## What you are asked to do
Scan the records below for the line with "#66=DIRECTION('',(0.866025403784439,0.,-0.5));" and the line with "#87=LINE('',#86,#85);". Repeat those two lines and every line between them exactly, and nothing else.
++++++++++++++++++++
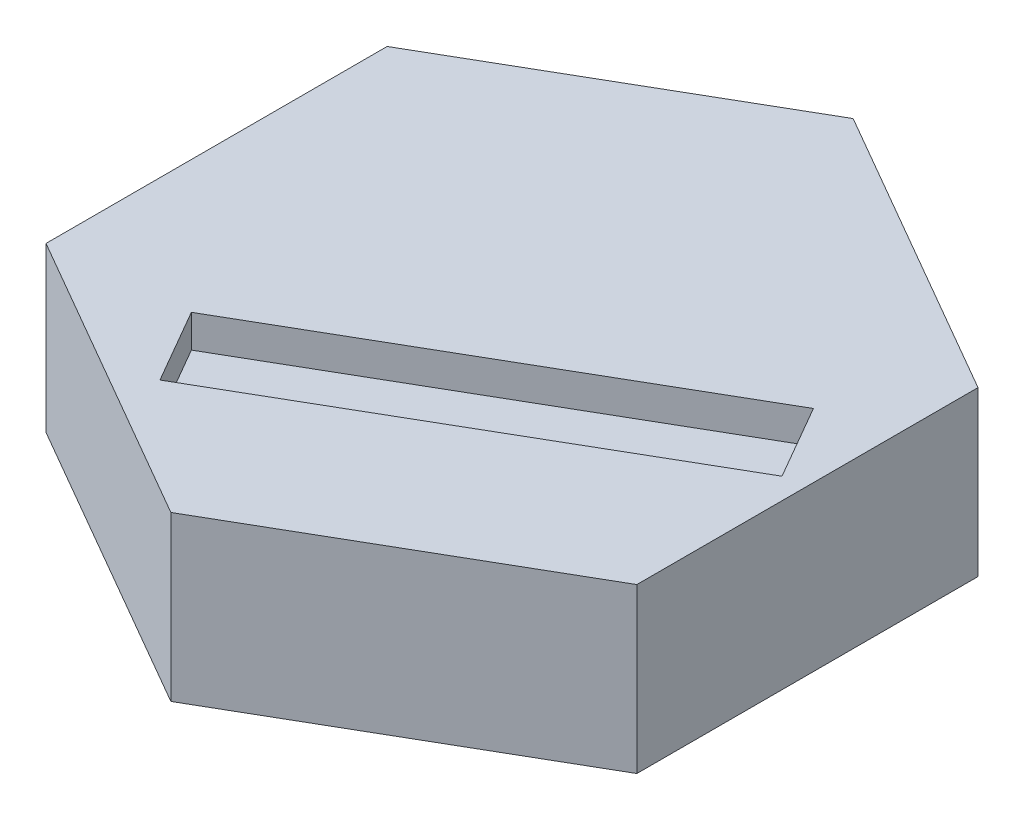
ISO-10303-21;
HEADER;
FILE_DESCRIPTION(('STEP AP214'),'2;1');
FILE_NAME('part.step','',(''),(''),'','','');
FILE_SCHEMA(('AUTOMOTIVE_DESIGN { 1 0 10303 214 1 1 1 1 }'));
ENDSEC;
DATA;
#1=APPLICATION_CONTEXT('core data for automotive mechanical design processes');
#2=APPLICATION_PROTOCOL_DEFINITION('international standard','automotive_design',2000,#1);
#3=PRODUCT_CONTEXT('',#1,'mechanical');
#4=PRODUCT('Part','Part','',(#3));
#5=PRODUCT_RELATED_PRODUCT_CATEGORY('part','',(#4));
#6=PRODUCT_DEFINITION_FORMATION('','',#4);
#7=PRODUCT_DEFINITION_CONTEXT('part definition',#1,'design');
#8=PRODUCT_DEFINITION('design','',#6,#7);
#9=PRODUCT_DEFINITION_SHAPE('','',#8);
#10=(LENGTH_UNIT() NAMED_UNIT(*) SI_UNIT(.MILLI.,.METRE.));
#11=(NAMED_UNIT(*) PLANE_ANGLE_UNIT() SI_UNIT($,.RADIAN.));
#12=(NAMED_UNIT(*) SI_UNIT($,.STERADIAN.) SOLID_ANGLE_UNIT());
#13=UNCERTAINTY_MEASURE_WITH_UNIT(LENGTH_MEASURE(1.E-05),#10,'distance_accuracy_value','');
#14=(GEOMETRIC_REPRESENTATION_CONTEXT(3) GLOBAL_UNCERTAINTY_ASSIGNED_CONTEXT((#13)) GLOBAL_UNIT_ASSIGNED_CONTEXT((#10,
#11,#12)) REPRESENTATION_CONTEXT('',''));
#15=CARTESIAN_POINT('',(0.,0.,0.));
#16=DIRECTION('',(0.,0.,1.));
#17=DIRECTION('',(1.,0.,0.));
#18=AXIS2_PLACEMENT_3D('',#15,#16,#17);
#19=CARTESIAN_POINT('',(0.,5.,0.));
#20=DIRECTION('',(0.,1.,0.));
#21=DIRECTION('',(0.,0.,1.));
#22=AXIS2_PLACEMENT_3D('',#19,#20,#21);
#23=PLANE('',#22);
#24=DIRECTION('',(0.,0.,-1.));
#25=VECTOR('',#24,1.);
#26=CARTESIAN_POINT('',(9.025,5.,5.21058617943637));
#27=LINE('',#26,#25);
#28=CARTESIAN_POINT('',(9.025,5.,5.21058617943637));
#29=VERTEX_POINT('',#28);
#30=CARTESIAN_POINT('',(9.025,5.,-5.21058617943637));
#31=VERTEX_POINT('',#30);
#32=EDGE_CURVE('E442',#29,#31,#27,.T.);
#33=ORIENTED_EDGE('',*,*,#32,.T.);
#34=DIRECTION('',(-0.866025403784439,0.,-0.5));
#35=VECTOR('',#34,1.);
#36=CARTESIAN_POINT('',(9.025,5.,-5.21058617943637));
#37=LINE('',#36,#35);
#38=CARTESIAN_POINT('',(0.,5.,-10.4211723588727));
#39=VERTEX_POINT('',#38);
#40=EDGE_CURVE('E445',#31,#39,#37,.T.);
#41=ORIENTED_EDGE('',*,*,#40,.T.);
#42=DIRECTION('',(-0.866025403784439,0.,0.5));
#43=VECTOR('',#42,1.);
#44=CARTESIAN_POINT('',(0.,5.,-10.4211723588727));
#45=LINE('',#44,#43);
#46=CARTESIAN_POINT('',(-9.025,5.,-5.21058617943638));
#47=VERTEX_POINT('',#46);
#48=EDGE_CURVE('E448',#39,#47,#45,.T.);
#49=ORIENTED_EDGE('',*,*,#48,.T.);
#50=DIRECTION('',(0.,0.,1.));
#51=VECTOR('',#50,1.);
#52=CARTESIAN_POINT('',(-9.025,5.,-5.21058617943638));
#53=LINE('',#52,#51);
#54=CARTESIAN_POINT('',(-9.025,5.,5.21058617943638));
#55=VERTEX_POINT('',#54);
#56=EDGE_CURVE('E450',#47,#55,#53,.T.);
#57=ORIENTED_EDGE('',*,*,#56,.T.);
#58=DIRECTION('',(0.866025403784439,0.,0.5));
#59=VECTOR('',#58,1.);
#60=CARTESIAN_POINT('',(-9.025,5.,5.21058617943638));
#61=LINE('',#60,#59);
#62=CARTESIAN_POINT('',(0.,5.,10.4211723588727));
#63=VERTEX_POINT('',#62);
#64=EDGE_CURVE('E452',#55,#63,#61,.T.);
#65=ORIENTED_EDGE('',*,*,#64,.T.);
#66=DIRECTION('',(0.866025403784439,0.,-0.5));
#67=VECTOR('',#66,1.);
#68=CARTESIAN_POINT('',(0.,5.,10.4211723588727));
#69=LINE('',#68,#67);
#70=EDGE_CURVE('E454',#63,#29,#69,.T.);
#71=ORIENTED_EDGE('',*,*,#70,.T.);
#72=EDGE_LOOP('',(#33,#41,#49,#57,#65,#71));
#73=FACE_BOUND('',#72,.T.);
#74=DIRECTION('',(-0.865938535675838,0.,0.500150429802459));
#75=VECTOR('',#74,1.);
#76=CARTESIAN_POINT('',(8.3754609018656,5.,0.127158722187314));
#77=LINE('',#76,#75);
#78=CARTESIAN_POINT('',(8.3754609018656,5.,0.127158722187314));
#79=VERTEX_POINT('',#78);
#80=CARTESIAN_POINT('',(-3.66981153403183,5.,7.08429013244372));
#81=VERTEX_POINT('',#80);
#82=EDGE_CURVE('E259',#79,#81,#77,.T.);
#83=ORIENTED_EDGE('',*,*,#82,.T.);
#84=DIRECTION('',(-0.500163094740808,0.,-0.865931220513094));
#85=VECTOR('',#84,1.);
#86=CARTESIAN_POINT('',(-3.66981153403183,5.,7.08429013244372));
#87=LINE('',#86,#85);
#88=CARTESIAN_POINT('',(-4.98191089300619,5.,4.81265551705911));
#89=VERTEX_POINT('',#88);
#90=EDGE_CURVE('E50',#81,#89,#87,.T.);
#91=ORIENTED_EDGE('',*,*,#90,.T.);
#92=DIRECTION('',(0.865938535675838,0.,-0.500150429802459));
#93=VECTOR('',#92,1.);
#94=CARTESIAN_POINT('',(-4.98191089300619,5.,4.81265551705911));
#95=LINE('',#94,#93);
#96=CARTESIAN_POINT('',(7.06336154289125,5.,-2.1444758931973));
#97=VERTEX_POINT('',#96);
#98=EDGE_CURVE('E263',#89,#97,#95,.T.);
#99=ORIENTED_EDGE('',*,*,#98,.T.);
#100=DIRECTION('',(0.500163094740808,0.,0.865931220513094));
#101=VECTOR('',#100,1.);
#102=CARTESIAN_POINT('',(7.06336154289125,5.,-2.1444758931973));
#103=LINE('',#102,#101);
#104=EDGE_CURVE('E885',#97,#79,#103,.T.);
#105=ORIENTED_EDGE('',*,*,#104,.T.);
#106=EDGE_LOOP('',(#83,#91,#99,#105));
#107=FACE_BOUND('',#106,.T.);
#108=ADVANCED_FACE('F35',(#73,#107),#23,.T.);
#109=CARTESIAN_POINT('',(0.,2.,0.));
#110=DIRECTION('',(0.,-1.,0.));
#111=DIRECTION('',(0.,0.,-1.));
#112=AXIS2_PLACEMENT_3D('',#109,#110,#111);
#113=PLANE('',#112);
#114=DIRECTION('',(0.866025403784439,0.,0.5));
#115=VECTOR('',#114,1.);
#116=CARTESIAN_POINT('',(0.,2.,-9.26647182049349));
#117=LINE('',#116,#115);
#118=CARTESIAN_POINT('',(0.,2.,-9.26647182049349));
#119=VERTEX_POINT('',#118);
#120=CARTESIAN_POINT('',(8.025,2.,-4.63323591024675));
#121=VERTEX_POINT('',#120);
#122=EDGE_CURVE('E393',#119,#121,#117,.T.);
#123=ORIENTED_EDGE('',*,*,#122,.T.);
#124=DIRECTION('',(0.,0.,1.));
#125=VECTOR('',#124,1.);
#126=CARTESIAN_POINT('',(8.025,2.,-4.63323591024675));
#127=LINE('',#126,#125);
#128=CARTESIAN_POINT('',(8.025,2.,4.63323591024675));
#129=VERTEX_POINT('',#128);
#130=EDGE_CURVE('E396',#121,#129,#127,.T.);
#131=ORIENTED_EDGE('',*,*,#130,.T.);
#132=DIRECTION('',(-0.866025403784439,0.,0.5));
#133=VECTOR('',#132,1.);
#134=CARTESIAN_POINT('',(8.025,2.,4.63323591024675));
#135=LINE('',#134,#133);
#136=CARTESIAN_POINT('',(0.,2.,9.26647182049349));
#137=VERTEX_POINT('',#136);
#138=EDGE_CURVE('E399',#129,#137,#135,.T.);
#139=ORIENTED_EDGE('',*,*,#138,.T.);
#140=DIRECTION('',(-0.866025403784439,0.,-0.5));
#141=VECTOR('',#140,1.);
#142=CARTESIAN_POINT('',(0.,2.,9.26647182049349));
#143=LINE('',#142,#141);
#144=CARTESIAN_POINT('',(-8.025,2.,4.63323591024675));
#145=VERTEX_POINT('',#144);
#146=EDGE_CURVE('E402',#137,#145,#143,.T.);
#147=ORIENTED_EDGE('',*,*,#146,.T.);
#148=DIRECTION('',(0.,0.,-1.));
#149=VECTOR('',#148,1.);
#150=CARTESIAN_POINT('',(-8.025,2.,4.63323591024675));
#151=LINE('',#150,#149);
#152=CARTESIAN_POINT('',(-8.025,2.,-4.63323591024675));
#153=VERTEX_POINT('',#152);
#154=EDGE_CURVE('E405',#145,#153,#151,.T.);
#155=ORIENTED_EDGE('',*,*,#154,.T.);
#156=DIRECTION('',(0.866025403784439,0.,-0.5));
#157=VECTOR('',#156,1.);
#158=CARTESIAN_POINT('',(-8.025,2.,-4.63323591024675));
#159=LINE('',#158,#157);
#160=EDGE_CURVE('E408',#153,#119,#159,.T.);
#161=ORIENTED_EDGE('',*,*,#160,.T.);
#162=EDGE_LOOP('',(#123,#131,#139,#147,#155,#161));
#163=FACE_BOUND('',#162,.T.);
#164=DIRECTION('',(-1.,0.,0.));
#165=VECTOR('',#164,1.);
#166=CARTESIAN_POINT('',(-3.4,2.,2.45));
#167=LINE('',#166,#165);
#168=CARTESIAN_POINT('',(3.4,2.,2.45));
#169=VERTEX_POINT('',#168);
#170=CARTESIAN_POINT('',(-3.4,2.,2.45));
#171=VERTEX_POINT('',#170);
#172=EDGE_CURVE('E378',#169,#171,#167,.T.);
#173=ORIENTED_EDGE('',*,*,#172,.F.);
#174=DIRECTION('',(0.,0.,1.));
#175=VECTOR('',#174,1.);
#176=CARTESIAN_POINT('',(3.4,2.,-2.45));
#177=LINE('',#176,#175);
#178=CARTESIAN_POINT('',(3.4,2.,-2.45));
#179=VERTEX_POINT('',#178);
#180=EDGE_CURVE('E343',#179,#169,#177,.T.);
#181=ORIENTED_EDGE('',*,*,#180,.F.);
#182=DIRECTION('',(1.,0.,0.));
#183=VECTOR('',#182,1.);
#184=CARTESIAN_POINT('',(-3.4,2.,-2.45));
#185=LINE('',#184,#183);
#186=CARTESIAN_POINT('',(-3.4,2.,-2.45));
#187=VERTEX_POINT('',#186);
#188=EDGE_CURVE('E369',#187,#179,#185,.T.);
++++++++++++++++++++
## Solution to this problem
#66=DIRECTION('',(0.866025403784439,0.,-0.5));
#67=VECTOR('',#66,1.);
#68=CARTESIAN_POINT('',(0.,5.,10.4211723588727));
#69=LINE('',#68,#67);
#70=EDGE_CURVE('E454',#63,#29,#69,.T.);
#71=ORIENTED_EDGE('',*,*,#70,.T.);
#72=EDGE_LOOP('',(#33,#41,#49,#57,#65,#71));
#73=FACE_BOUND('',#72,.T.);
#74=DIRECTION('',(-0.865938535675838,0.,0.500150429802459));
#75=VECTOR('',#74,1.);
#76=CARTESIAN_POINT('',(8.3754609018656,5.,0.127158722187314));
#77=LINE('',#76,#75);
#78=CARTESIAN_POINT('',(8.3754609018656,5.,0.127158722187314));
#79=VERTEX_POINT('',#78);
#80=CARTESIAN_POINT('',(-3.66981153403183,5.,7.08429013244372));
#81=VERTEX_POINT('',#80);
#82=EDGE_CURVE('E259',#79,#81,#77,.T.);
#83=ORIENTED_EDGE('',*,*,#82,.T.);
#84=DIRECTION('',(-0.500163094740808,0.,-0.865931220513094));
#85=VECTOR('',#84,1.);
#86=CARTESIAN_POINT('',(-3.66981153403183,5.,7.08429013244372));
#87=LINE('',#86,#85);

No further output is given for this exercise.